Workshops have shown us that it is easier to learn how to engage other people when you first learn how to monitor and manage your own intrinsic motivation. So part 3 will help you tune into your own intrinsic rewards, introduce you to the major building blocks for each intrinsic reward, and spell out actions that you can take to build those rewards for yourself.

Then part 4 will give you the tools you need to engage the people in your work team. You will learn how to determine the strengths of your team members’ intrinsic rewards, and you will learn acts of leadership that enhance each intrinsic reward. These actions go beyond familiar principles of job enrichment to emphasize the kinds of conversations and celebrations that keep people actively engaged.

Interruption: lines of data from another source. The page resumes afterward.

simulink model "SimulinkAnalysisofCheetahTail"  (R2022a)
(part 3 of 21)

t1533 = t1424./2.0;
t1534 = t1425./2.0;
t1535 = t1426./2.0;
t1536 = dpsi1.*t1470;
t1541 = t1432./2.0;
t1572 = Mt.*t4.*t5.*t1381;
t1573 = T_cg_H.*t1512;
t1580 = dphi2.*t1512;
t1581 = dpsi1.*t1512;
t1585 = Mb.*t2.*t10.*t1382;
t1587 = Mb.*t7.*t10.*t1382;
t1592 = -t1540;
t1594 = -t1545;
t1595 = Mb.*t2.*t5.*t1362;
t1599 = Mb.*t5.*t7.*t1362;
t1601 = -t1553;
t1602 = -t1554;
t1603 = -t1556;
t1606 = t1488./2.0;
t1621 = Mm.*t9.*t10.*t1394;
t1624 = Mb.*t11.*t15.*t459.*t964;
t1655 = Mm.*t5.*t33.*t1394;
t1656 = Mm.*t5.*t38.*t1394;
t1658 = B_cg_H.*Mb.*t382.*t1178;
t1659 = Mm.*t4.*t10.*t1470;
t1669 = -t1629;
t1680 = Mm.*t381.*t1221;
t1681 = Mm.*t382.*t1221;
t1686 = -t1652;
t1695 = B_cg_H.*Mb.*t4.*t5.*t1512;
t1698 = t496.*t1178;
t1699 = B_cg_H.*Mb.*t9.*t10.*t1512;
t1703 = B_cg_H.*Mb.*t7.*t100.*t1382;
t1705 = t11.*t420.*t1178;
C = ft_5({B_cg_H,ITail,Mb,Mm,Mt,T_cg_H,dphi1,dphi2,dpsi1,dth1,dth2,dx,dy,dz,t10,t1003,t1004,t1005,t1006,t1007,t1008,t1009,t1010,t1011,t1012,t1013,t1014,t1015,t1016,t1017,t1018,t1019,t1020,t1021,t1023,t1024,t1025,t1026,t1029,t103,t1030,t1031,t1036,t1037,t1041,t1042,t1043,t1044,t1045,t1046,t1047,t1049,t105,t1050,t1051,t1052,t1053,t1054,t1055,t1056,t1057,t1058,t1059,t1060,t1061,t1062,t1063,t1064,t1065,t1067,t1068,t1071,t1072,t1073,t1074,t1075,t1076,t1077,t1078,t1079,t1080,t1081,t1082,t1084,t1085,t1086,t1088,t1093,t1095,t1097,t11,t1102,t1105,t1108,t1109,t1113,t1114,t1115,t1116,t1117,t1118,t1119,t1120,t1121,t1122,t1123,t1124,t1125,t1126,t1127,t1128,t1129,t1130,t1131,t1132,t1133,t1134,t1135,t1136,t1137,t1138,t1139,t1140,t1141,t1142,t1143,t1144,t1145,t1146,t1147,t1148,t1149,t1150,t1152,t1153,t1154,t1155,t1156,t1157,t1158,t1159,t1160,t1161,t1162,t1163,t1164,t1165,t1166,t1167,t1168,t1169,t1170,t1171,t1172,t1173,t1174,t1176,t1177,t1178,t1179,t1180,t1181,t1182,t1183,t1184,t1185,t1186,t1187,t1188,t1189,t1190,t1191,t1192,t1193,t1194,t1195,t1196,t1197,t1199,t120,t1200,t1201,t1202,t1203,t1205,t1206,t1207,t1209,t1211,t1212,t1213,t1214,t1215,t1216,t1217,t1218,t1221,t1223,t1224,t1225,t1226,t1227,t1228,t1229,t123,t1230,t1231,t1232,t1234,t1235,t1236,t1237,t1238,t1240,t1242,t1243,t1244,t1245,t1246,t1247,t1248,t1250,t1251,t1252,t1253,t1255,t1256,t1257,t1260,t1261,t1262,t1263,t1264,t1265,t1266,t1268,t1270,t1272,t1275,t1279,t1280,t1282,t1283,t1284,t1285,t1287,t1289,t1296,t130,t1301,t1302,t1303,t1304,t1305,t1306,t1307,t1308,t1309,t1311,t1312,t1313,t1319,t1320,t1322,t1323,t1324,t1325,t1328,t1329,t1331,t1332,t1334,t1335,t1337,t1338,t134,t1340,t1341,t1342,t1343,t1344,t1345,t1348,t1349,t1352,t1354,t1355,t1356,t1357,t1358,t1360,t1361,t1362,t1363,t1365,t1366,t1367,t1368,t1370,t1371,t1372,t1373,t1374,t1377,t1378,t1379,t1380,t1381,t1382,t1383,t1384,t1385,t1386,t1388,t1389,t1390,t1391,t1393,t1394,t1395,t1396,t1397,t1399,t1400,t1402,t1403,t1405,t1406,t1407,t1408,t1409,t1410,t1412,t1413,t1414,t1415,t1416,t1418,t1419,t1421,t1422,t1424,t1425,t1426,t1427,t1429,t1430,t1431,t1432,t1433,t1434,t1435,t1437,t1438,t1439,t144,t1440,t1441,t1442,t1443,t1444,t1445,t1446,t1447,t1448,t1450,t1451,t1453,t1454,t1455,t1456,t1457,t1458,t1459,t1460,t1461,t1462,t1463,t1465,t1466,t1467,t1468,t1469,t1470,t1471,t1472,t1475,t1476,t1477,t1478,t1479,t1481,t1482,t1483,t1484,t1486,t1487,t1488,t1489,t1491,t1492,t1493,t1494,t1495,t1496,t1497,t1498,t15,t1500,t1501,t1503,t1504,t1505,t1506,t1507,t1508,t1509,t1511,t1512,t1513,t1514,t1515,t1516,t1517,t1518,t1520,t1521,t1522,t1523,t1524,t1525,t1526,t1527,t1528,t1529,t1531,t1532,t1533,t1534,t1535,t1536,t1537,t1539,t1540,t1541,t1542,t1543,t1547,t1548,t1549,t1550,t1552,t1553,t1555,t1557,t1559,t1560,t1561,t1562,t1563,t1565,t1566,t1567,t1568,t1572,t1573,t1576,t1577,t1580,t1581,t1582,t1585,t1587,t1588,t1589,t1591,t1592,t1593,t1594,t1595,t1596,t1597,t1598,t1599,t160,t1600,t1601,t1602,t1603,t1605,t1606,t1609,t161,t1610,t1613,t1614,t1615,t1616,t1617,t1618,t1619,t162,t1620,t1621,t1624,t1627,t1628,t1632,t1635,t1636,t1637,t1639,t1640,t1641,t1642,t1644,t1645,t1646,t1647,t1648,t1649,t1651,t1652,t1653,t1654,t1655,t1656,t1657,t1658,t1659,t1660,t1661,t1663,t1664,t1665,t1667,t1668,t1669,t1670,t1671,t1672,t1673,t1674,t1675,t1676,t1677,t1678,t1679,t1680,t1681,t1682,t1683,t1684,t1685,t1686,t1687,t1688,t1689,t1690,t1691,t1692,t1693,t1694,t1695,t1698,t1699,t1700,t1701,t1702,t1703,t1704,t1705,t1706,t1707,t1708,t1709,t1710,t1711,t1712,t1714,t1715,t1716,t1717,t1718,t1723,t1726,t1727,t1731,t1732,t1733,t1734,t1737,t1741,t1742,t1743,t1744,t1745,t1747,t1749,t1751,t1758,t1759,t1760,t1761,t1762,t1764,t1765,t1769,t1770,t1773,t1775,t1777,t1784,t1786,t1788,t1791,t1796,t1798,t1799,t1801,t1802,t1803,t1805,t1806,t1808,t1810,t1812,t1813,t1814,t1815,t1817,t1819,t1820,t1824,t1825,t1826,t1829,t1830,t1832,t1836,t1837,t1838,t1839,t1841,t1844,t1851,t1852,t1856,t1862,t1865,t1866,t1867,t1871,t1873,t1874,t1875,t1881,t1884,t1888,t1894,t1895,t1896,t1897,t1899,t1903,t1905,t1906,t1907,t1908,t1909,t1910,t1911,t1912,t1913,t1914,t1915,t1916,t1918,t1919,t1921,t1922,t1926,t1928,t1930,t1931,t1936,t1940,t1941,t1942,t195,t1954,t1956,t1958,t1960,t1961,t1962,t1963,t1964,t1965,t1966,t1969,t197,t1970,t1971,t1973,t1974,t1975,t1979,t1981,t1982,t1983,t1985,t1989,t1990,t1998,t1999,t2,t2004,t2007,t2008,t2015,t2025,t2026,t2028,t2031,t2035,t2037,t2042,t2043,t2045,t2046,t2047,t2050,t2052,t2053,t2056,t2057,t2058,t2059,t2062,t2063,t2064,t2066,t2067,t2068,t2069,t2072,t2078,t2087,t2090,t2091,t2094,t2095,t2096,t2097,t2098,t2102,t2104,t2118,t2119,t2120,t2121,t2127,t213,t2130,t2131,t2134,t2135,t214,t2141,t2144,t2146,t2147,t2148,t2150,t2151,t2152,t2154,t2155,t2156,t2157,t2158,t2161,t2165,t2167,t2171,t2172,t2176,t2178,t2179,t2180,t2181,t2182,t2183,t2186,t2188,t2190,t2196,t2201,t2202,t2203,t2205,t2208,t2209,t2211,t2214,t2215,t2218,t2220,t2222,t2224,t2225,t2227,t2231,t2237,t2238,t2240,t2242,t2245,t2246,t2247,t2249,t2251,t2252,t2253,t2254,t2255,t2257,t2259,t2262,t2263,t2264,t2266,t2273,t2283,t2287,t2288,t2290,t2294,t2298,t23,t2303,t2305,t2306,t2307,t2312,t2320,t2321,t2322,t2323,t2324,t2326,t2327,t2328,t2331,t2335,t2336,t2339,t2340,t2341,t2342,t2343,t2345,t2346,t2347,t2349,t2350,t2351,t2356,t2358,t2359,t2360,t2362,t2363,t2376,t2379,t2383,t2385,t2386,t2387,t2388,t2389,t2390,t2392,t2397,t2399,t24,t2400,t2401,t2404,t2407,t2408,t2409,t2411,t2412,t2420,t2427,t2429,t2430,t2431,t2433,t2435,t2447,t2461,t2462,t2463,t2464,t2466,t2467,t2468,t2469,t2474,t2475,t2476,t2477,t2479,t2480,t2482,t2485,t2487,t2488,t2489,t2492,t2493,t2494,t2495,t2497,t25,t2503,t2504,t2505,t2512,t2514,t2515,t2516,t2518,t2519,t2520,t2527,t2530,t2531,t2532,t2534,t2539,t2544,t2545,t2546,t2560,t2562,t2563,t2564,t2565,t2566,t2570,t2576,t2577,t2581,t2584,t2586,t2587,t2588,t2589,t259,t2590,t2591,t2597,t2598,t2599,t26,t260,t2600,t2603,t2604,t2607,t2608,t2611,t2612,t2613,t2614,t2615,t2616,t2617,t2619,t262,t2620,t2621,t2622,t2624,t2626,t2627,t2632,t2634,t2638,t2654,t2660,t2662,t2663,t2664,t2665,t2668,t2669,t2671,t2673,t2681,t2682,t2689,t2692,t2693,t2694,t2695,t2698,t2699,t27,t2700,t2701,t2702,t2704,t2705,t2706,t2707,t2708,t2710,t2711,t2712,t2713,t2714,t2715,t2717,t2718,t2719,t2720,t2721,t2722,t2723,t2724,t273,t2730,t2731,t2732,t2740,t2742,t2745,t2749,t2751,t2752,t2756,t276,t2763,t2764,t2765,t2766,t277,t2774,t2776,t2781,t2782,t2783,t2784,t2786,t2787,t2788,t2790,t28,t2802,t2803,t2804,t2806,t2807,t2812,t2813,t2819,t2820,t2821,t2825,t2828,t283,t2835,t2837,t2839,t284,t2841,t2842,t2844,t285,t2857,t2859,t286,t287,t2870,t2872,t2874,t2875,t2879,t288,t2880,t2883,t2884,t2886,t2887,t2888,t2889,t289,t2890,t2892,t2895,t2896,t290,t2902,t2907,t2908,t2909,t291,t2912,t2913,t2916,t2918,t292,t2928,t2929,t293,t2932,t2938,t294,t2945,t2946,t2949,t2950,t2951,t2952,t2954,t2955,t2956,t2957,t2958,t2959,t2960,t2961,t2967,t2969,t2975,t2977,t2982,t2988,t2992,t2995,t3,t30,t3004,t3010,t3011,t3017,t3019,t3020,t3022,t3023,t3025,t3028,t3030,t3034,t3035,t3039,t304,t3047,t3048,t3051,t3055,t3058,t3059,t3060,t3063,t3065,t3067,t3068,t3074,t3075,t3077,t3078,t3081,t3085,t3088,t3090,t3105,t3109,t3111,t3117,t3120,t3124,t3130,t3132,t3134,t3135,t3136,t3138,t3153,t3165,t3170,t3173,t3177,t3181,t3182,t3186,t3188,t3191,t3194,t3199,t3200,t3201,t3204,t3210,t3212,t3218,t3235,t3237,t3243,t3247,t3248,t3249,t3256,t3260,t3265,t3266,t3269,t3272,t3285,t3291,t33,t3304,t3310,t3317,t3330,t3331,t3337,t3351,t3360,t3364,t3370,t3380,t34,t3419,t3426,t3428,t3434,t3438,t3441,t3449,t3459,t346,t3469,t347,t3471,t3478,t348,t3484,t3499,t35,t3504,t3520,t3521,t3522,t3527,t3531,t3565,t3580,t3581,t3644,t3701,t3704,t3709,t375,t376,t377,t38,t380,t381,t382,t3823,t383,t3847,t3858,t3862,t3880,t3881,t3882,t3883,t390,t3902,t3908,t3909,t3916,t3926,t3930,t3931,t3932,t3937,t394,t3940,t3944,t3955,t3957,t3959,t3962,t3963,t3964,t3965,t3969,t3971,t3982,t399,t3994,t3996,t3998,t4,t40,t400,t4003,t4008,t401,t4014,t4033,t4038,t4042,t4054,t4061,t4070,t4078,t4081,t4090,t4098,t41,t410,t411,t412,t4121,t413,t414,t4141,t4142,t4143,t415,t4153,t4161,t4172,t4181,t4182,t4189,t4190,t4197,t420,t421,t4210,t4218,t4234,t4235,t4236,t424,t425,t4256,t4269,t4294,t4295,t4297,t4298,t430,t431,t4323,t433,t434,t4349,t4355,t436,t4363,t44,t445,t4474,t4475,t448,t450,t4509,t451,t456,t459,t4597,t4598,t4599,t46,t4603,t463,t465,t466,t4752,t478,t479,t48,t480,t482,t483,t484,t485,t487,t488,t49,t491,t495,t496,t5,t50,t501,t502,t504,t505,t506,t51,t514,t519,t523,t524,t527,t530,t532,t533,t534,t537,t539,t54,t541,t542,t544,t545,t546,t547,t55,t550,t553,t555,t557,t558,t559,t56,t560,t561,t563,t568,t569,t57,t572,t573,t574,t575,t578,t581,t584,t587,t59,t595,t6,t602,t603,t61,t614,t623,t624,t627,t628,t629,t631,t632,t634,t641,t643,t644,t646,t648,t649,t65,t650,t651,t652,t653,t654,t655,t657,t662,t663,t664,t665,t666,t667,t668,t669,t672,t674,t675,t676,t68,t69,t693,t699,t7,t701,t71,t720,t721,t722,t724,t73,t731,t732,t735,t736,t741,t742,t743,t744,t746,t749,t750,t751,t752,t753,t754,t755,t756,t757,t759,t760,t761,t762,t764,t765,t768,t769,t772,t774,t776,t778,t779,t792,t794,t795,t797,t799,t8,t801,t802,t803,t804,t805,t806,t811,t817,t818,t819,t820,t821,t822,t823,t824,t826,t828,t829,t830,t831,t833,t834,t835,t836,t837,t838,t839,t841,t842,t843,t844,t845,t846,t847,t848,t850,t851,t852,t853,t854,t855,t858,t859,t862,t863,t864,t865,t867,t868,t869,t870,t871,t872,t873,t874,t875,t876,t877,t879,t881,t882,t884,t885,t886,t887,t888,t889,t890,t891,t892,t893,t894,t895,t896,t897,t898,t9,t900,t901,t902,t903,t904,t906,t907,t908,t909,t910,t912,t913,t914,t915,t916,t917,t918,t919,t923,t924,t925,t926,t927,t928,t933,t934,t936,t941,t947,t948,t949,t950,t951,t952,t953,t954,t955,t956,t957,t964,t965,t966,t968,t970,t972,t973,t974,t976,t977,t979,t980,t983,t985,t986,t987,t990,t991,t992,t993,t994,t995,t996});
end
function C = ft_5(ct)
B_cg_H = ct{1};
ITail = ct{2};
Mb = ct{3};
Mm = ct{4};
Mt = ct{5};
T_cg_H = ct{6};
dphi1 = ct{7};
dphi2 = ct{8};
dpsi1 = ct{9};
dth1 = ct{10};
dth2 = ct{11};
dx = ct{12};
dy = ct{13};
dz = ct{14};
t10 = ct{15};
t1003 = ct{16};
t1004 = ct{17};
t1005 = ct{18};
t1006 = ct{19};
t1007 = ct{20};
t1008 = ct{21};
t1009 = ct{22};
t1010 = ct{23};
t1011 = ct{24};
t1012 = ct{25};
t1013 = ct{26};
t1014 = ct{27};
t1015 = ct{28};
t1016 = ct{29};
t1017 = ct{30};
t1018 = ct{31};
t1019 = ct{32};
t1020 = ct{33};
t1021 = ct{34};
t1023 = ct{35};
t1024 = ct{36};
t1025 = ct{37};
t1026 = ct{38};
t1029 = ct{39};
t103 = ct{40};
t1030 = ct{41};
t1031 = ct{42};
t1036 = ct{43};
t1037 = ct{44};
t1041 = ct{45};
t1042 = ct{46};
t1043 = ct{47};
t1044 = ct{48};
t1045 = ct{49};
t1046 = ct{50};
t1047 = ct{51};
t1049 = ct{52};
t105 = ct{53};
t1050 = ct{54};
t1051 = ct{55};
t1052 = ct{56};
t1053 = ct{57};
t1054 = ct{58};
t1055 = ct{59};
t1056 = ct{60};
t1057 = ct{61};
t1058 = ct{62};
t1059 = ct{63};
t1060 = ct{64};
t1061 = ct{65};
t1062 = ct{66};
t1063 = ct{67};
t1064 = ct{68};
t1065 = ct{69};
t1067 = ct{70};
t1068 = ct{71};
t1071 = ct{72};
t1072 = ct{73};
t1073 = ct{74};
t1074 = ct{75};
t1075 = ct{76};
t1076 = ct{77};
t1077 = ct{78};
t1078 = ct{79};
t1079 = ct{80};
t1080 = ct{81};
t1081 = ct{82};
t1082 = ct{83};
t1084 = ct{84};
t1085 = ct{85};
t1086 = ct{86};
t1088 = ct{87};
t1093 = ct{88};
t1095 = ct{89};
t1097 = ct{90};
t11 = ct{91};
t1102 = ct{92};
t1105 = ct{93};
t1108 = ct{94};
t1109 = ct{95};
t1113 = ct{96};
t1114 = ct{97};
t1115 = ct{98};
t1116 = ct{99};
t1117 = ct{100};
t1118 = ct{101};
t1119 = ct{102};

A comment on style: I have tried to write this book in a fairly informal way that connects with your experience, so I’ll share a few of my own experiences and ask you to reflect on your own, especially in the later chapters. As I wrote these sections, I tried to imagine myself in a conversation with you where I could speak honestly about what I think you need to know and do to successfully engage yourself and others.

One final note: because a lot of drama is involved in the kinds of changes this book covers—in the speed and urgency with which work has changed, in the shift from command-and-control to self-management, and in the changing motivational needs and opportunities of the new work—I have used a running “Management Tale” at the beginning of each part of the book to capture this unfolding drama.